» **Recorded data**:
☆ ☆ ☆ ☆ ☆ ☆ ☆

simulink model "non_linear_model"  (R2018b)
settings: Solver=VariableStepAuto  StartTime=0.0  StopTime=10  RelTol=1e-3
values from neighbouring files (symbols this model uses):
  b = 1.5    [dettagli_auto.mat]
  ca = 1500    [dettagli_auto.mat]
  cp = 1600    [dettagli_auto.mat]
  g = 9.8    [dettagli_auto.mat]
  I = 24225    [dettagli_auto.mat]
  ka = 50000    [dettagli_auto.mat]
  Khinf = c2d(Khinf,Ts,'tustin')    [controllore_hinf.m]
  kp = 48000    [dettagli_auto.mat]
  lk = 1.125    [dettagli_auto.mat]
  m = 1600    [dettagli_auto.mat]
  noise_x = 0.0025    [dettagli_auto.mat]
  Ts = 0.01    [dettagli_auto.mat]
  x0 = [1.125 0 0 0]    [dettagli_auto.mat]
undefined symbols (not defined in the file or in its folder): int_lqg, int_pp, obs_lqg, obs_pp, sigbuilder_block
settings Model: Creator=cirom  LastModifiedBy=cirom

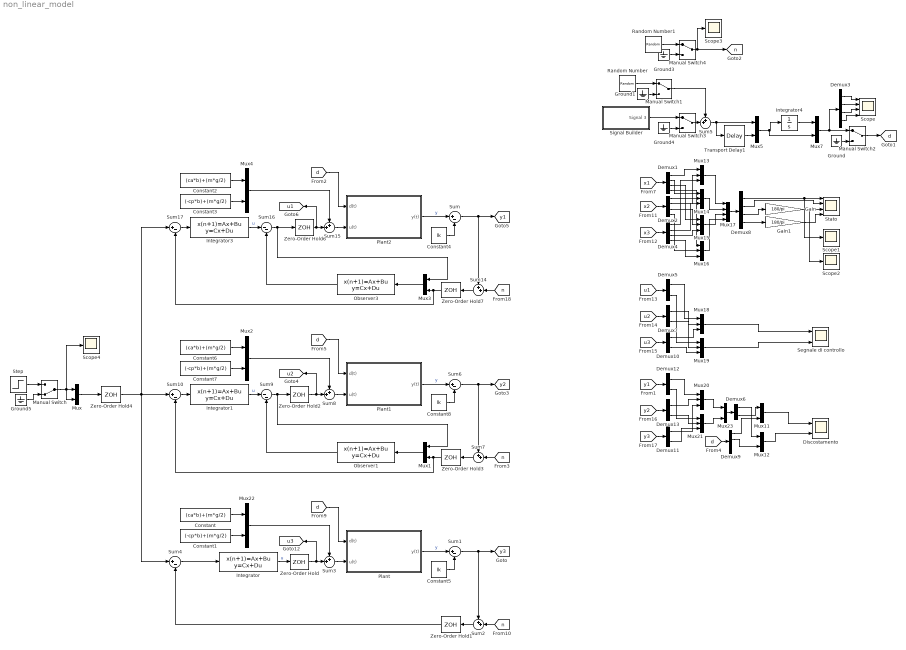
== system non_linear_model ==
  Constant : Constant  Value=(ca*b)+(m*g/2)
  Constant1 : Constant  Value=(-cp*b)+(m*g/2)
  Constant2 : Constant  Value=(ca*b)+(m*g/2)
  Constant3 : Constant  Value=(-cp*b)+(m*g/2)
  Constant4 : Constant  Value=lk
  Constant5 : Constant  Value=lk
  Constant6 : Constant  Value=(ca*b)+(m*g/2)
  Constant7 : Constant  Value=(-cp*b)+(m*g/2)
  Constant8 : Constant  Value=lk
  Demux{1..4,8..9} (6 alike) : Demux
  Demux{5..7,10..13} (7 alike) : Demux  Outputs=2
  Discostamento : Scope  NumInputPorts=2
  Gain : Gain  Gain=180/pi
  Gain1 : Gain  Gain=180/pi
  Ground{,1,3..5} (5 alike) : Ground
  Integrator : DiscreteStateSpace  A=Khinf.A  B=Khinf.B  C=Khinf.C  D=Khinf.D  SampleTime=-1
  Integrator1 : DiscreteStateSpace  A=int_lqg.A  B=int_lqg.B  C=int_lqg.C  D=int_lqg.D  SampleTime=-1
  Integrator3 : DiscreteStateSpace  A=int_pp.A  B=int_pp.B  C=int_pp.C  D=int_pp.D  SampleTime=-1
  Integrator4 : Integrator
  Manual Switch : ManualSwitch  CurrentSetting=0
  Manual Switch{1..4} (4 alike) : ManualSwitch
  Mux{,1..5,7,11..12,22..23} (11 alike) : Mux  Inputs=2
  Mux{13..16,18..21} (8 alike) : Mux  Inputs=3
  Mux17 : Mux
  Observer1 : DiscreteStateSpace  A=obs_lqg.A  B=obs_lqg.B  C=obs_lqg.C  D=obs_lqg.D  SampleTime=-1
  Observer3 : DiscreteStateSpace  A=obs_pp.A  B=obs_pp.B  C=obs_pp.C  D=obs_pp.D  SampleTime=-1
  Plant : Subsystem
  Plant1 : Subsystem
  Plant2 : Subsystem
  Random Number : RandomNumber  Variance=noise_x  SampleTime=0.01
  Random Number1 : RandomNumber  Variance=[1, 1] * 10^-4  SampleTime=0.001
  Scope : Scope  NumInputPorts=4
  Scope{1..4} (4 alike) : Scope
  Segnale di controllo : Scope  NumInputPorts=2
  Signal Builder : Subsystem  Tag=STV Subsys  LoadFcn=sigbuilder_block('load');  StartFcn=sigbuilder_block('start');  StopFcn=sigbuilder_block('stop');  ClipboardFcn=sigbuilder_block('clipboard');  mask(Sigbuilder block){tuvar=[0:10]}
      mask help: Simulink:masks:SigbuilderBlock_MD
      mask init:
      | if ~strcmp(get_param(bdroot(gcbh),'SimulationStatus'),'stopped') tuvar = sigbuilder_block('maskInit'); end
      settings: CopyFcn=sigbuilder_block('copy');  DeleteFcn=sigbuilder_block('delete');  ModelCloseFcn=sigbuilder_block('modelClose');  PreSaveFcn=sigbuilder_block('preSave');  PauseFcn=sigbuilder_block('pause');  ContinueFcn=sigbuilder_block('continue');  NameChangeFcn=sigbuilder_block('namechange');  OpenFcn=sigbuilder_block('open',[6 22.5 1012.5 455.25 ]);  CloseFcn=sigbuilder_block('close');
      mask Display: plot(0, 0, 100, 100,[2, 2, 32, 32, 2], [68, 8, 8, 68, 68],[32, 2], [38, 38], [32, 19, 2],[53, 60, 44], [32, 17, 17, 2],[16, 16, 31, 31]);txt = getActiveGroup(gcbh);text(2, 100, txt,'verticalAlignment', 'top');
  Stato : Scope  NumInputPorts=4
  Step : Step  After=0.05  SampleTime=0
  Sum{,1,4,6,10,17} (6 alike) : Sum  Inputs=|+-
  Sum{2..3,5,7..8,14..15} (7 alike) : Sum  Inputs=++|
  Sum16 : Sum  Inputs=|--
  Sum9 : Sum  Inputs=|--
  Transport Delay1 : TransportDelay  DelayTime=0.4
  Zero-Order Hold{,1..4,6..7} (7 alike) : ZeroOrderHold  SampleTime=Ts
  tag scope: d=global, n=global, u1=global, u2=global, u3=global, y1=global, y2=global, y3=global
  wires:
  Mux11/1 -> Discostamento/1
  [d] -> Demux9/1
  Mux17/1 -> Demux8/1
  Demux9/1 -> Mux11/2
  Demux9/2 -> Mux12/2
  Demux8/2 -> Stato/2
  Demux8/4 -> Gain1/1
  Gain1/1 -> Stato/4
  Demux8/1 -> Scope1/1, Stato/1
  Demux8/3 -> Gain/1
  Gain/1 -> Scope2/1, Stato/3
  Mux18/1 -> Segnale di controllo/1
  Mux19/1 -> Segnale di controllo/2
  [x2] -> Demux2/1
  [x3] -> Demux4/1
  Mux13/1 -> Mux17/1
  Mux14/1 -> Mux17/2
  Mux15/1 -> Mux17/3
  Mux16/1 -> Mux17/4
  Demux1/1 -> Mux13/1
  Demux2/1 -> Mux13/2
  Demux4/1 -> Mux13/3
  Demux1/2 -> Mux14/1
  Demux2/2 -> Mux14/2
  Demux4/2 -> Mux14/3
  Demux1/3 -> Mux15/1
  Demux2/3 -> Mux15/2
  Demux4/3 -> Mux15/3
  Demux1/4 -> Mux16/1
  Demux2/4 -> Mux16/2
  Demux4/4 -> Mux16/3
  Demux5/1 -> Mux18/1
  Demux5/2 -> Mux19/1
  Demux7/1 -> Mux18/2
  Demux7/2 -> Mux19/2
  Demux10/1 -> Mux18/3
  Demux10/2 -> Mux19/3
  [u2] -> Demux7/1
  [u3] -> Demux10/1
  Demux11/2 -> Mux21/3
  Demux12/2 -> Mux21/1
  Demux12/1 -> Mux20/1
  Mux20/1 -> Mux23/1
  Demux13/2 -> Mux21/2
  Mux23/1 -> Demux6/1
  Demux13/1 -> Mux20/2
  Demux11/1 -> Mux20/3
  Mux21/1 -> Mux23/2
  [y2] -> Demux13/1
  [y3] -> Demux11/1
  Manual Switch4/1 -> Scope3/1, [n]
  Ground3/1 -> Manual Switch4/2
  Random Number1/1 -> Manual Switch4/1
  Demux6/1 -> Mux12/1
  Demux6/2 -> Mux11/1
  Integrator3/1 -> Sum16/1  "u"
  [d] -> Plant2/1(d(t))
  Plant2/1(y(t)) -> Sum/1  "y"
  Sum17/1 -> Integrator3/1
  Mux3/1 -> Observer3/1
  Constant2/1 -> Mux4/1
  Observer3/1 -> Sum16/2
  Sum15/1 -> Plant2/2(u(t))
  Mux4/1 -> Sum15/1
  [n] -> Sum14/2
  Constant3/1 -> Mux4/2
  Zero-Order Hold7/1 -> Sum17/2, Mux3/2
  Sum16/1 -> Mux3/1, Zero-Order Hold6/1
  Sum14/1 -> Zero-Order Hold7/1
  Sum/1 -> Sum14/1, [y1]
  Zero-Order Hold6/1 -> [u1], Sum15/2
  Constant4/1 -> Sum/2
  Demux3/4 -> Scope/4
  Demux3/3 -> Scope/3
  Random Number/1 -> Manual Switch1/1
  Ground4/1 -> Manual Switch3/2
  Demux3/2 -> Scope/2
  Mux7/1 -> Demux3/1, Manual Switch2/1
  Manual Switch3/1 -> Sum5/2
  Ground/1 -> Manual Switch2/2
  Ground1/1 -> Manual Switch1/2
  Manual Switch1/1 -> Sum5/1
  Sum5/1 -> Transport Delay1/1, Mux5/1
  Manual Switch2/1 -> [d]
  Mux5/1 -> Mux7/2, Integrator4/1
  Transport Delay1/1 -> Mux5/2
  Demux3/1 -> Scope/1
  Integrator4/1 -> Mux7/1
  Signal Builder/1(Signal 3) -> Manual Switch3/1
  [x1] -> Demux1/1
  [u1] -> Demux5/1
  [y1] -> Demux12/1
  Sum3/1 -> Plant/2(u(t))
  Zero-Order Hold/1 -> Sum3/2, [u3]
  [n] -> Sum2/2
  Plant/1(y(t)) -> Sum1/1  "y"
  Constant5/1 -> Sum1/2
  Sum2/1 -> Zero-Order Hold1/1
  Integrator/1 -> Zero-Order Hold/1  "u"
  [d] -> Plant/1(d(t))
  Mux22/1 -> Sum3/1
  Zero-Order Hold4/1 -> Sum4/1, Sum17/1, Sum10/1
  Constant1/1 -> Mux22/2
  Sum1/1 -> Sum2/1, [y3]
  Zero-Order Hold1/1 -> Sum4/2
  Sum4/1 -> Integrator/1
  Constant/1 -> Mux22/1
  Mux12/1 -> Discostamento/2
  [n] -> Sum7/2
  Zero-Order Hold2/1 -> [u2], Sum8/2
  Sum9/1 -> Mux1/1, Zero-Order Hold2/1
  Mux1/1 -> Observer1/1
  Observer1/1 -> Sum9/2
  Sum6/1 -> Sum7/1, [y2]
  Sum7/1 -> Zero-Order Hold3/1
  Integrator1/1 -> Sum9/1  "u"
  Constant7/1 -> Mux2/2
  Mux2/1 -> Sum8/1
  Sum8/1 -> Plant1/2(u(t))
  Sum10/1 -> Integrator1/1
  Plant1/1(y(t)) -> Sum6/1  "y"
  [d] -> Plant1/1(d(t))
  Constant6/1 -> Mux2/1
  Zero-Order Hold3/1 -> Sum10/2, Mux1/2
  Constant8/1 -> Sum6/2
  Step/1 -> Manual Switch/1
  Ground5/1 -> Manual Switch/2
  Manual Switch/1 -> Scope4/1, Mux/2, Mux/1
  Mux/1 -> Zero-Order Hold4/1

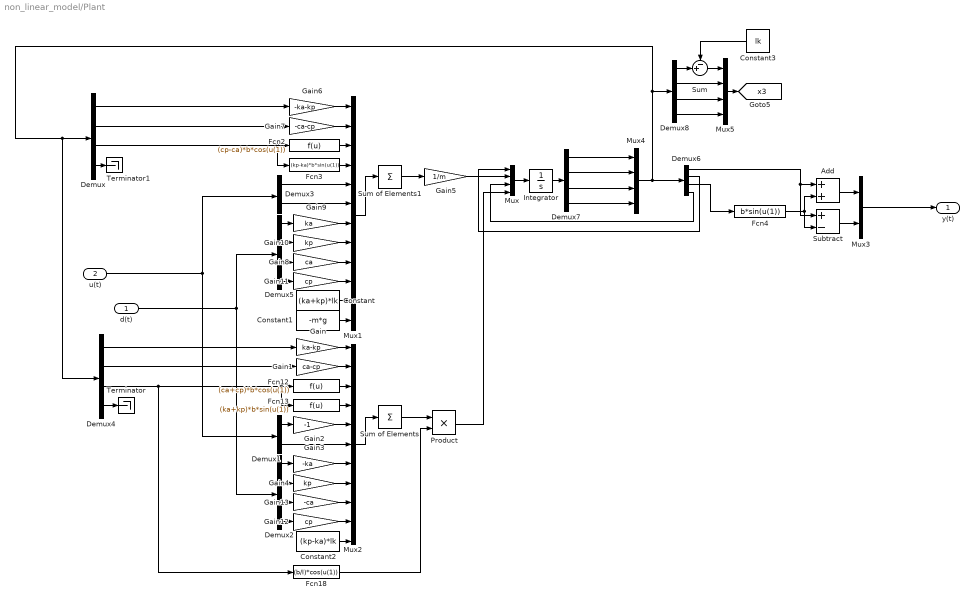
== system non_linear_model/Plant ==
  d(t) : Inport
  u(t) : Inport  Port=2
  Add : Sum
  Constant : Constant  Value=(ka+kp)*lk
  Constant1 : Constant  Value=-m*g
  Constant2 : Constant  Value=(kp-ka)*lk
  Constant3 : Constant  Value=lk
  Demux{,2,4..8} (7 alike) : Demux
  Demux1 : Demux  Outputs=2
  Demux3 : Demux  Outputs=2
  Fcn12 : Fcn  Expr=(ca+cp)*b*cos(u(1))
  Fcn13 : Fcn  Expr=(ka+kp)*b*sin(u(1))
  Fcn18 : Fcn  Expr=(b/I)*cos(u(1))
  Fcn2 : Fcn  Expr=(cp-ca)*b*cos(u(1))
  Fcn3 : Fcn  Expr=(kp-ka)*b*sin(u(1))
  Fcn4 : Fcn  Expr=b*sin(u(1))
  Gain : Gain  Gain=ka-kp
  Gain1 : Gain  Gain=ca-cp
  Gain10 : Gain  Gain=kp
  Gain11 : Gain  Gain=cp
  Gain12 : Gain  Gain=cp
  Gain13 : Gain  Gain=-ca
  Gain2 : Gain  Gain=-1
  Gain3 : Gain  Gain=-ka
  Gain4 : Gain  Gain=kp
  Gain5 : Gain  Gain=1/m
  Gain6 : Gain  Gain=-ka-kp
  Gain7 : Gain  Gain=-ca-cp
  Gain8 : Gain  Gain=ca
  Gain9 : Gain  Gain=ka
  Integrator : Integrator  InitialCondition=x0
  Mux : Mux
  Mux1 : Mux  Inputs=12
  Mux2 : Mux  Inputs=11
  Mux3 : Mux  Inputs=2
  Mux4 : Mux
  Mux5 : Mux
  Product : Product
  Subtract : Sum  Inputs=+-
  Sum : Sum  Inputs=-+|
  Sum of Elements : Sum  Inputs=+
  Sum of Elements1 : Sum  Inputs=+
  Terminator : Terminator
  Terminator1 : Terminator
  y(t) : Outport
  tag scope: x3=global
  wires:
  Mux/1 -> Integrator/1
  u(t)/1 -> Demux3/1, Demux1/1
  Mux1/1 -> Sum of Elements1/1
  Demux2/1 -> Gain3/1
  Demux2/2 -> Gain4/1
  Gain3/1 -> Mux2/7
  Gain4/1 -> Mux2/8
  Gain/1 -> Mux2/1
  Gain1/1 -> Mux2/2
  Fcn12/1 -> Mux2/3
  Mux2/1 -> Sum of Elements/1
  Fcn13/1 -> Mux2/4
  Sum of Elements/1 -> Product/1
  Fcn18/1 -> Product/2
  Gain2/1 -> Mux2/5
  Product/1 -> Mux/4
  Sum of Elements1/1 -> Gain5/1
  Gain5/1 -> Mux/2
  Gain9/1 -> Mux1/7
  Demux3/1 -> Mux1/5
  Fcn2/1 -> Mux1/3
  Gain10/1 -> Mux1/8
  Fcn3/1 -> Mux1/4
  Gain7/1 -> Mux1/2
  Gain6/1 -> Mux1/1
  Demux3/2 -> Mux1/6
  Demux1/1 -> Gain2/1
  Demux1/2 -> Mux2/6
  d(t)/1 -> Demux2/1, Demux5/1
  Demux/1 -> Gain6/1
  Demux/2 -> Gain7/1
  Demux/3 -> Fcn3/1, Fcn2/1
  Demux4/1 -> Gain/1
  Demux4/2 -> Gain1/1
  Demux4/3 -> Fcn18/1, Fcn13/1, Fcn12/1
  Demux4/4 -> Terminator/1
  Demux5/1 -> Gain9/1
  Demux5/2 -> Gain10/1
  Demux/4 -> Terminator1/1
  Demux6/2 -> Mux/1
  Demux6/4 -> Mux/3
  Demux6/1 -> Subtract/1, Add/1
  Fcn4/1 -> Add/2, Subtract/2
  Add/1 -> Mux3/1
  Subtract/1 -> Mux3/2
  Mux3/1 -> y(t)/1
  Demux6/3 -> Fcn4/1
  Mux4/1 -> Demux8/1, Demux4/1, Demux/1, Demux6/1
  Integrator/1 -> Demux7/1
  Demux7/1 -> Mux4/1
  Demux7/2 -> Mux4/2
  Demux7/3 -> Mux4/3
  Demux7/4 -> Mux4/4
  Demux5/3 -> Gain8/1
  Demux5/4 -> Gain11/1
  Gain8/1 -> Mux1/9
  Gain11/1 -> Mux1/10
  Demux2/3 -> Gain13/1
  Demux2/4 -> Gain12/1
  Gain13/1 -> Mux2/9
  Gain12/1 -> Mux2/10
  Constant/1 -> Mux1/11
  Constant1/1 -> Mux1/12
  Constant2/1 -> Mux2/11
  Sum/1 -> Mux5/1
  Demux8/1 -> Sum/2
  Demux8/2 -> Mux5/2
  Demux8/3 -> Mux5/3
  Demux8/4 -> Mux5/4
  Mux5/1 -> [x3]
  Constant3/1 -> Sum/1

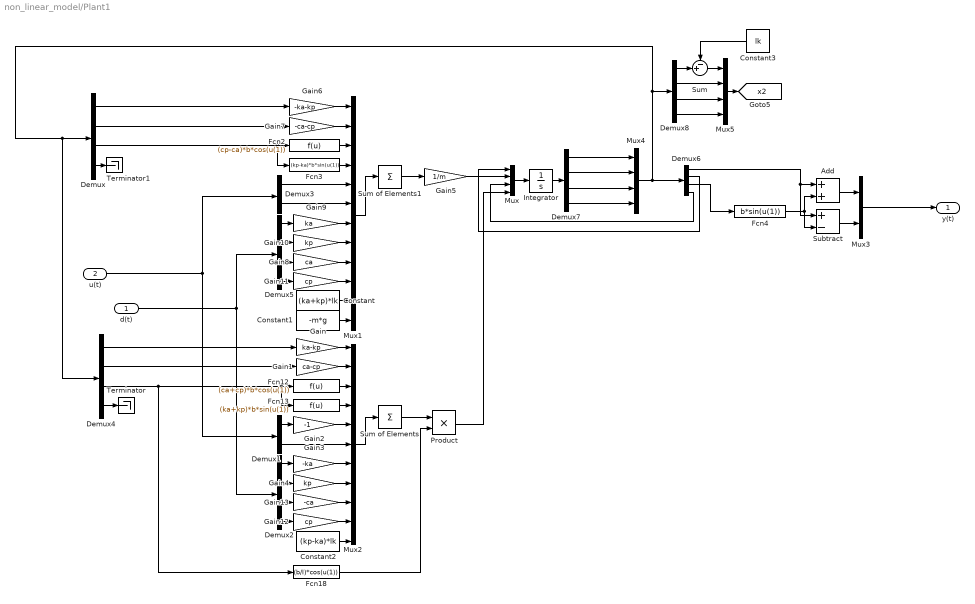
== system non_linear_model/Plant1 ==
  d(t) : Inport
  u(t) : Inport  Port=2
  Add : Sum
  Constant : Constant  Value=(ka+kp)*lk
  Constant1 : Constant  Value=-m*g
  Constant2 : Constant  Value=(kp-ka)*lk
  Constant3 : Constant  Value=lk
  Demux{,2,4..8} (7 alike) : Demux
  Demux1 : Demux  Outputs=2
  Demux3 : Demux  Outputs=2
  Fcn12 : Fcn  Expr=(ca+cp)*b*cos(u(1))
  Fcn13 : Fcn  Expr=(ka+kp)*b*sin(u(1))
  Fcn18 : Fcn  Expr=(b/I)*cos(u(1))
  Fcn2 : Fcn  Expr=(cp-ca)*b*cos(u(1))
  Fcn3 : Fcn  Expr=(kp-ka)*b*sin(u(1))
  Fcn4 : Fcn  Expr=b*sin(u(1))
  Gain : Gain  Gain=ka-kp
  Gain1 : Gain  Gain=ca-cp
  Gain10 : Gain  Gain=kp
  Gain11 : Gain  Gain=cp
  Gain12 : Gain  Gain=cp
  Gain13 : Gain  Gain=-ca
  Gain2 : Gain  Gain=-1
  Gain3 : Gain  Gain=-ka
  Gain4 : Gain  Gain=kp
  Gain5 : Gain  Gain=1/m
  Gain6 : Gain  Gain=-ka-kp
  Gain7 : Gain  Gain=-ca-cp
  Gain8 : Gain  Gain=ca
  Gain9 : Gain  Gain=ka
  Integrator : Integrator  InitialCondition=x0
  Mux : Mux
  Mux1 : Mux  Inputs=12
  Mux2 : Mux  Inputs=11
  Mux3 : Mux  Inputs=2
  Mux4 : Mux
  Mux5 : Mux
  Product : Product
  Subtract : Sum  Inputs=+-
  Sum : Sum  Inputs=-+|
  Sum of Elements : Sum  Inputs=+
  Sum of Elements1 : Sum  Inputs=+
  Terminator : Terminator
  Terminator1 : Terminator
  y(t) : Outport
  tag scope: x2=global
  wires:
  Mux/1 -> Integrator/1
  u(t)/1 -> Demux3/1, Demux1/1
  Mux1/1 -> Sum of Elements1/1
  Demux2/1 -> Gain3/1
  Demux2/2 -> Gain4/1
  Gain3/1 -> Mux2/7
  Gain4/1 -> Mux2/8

☆ ☆ ☆ ☆ ☆ ☆ ☆

» **Work instructions**: Within the material, count each line that includes the word "symbols", and give the total by itself.

» **Answer to this problem**: 2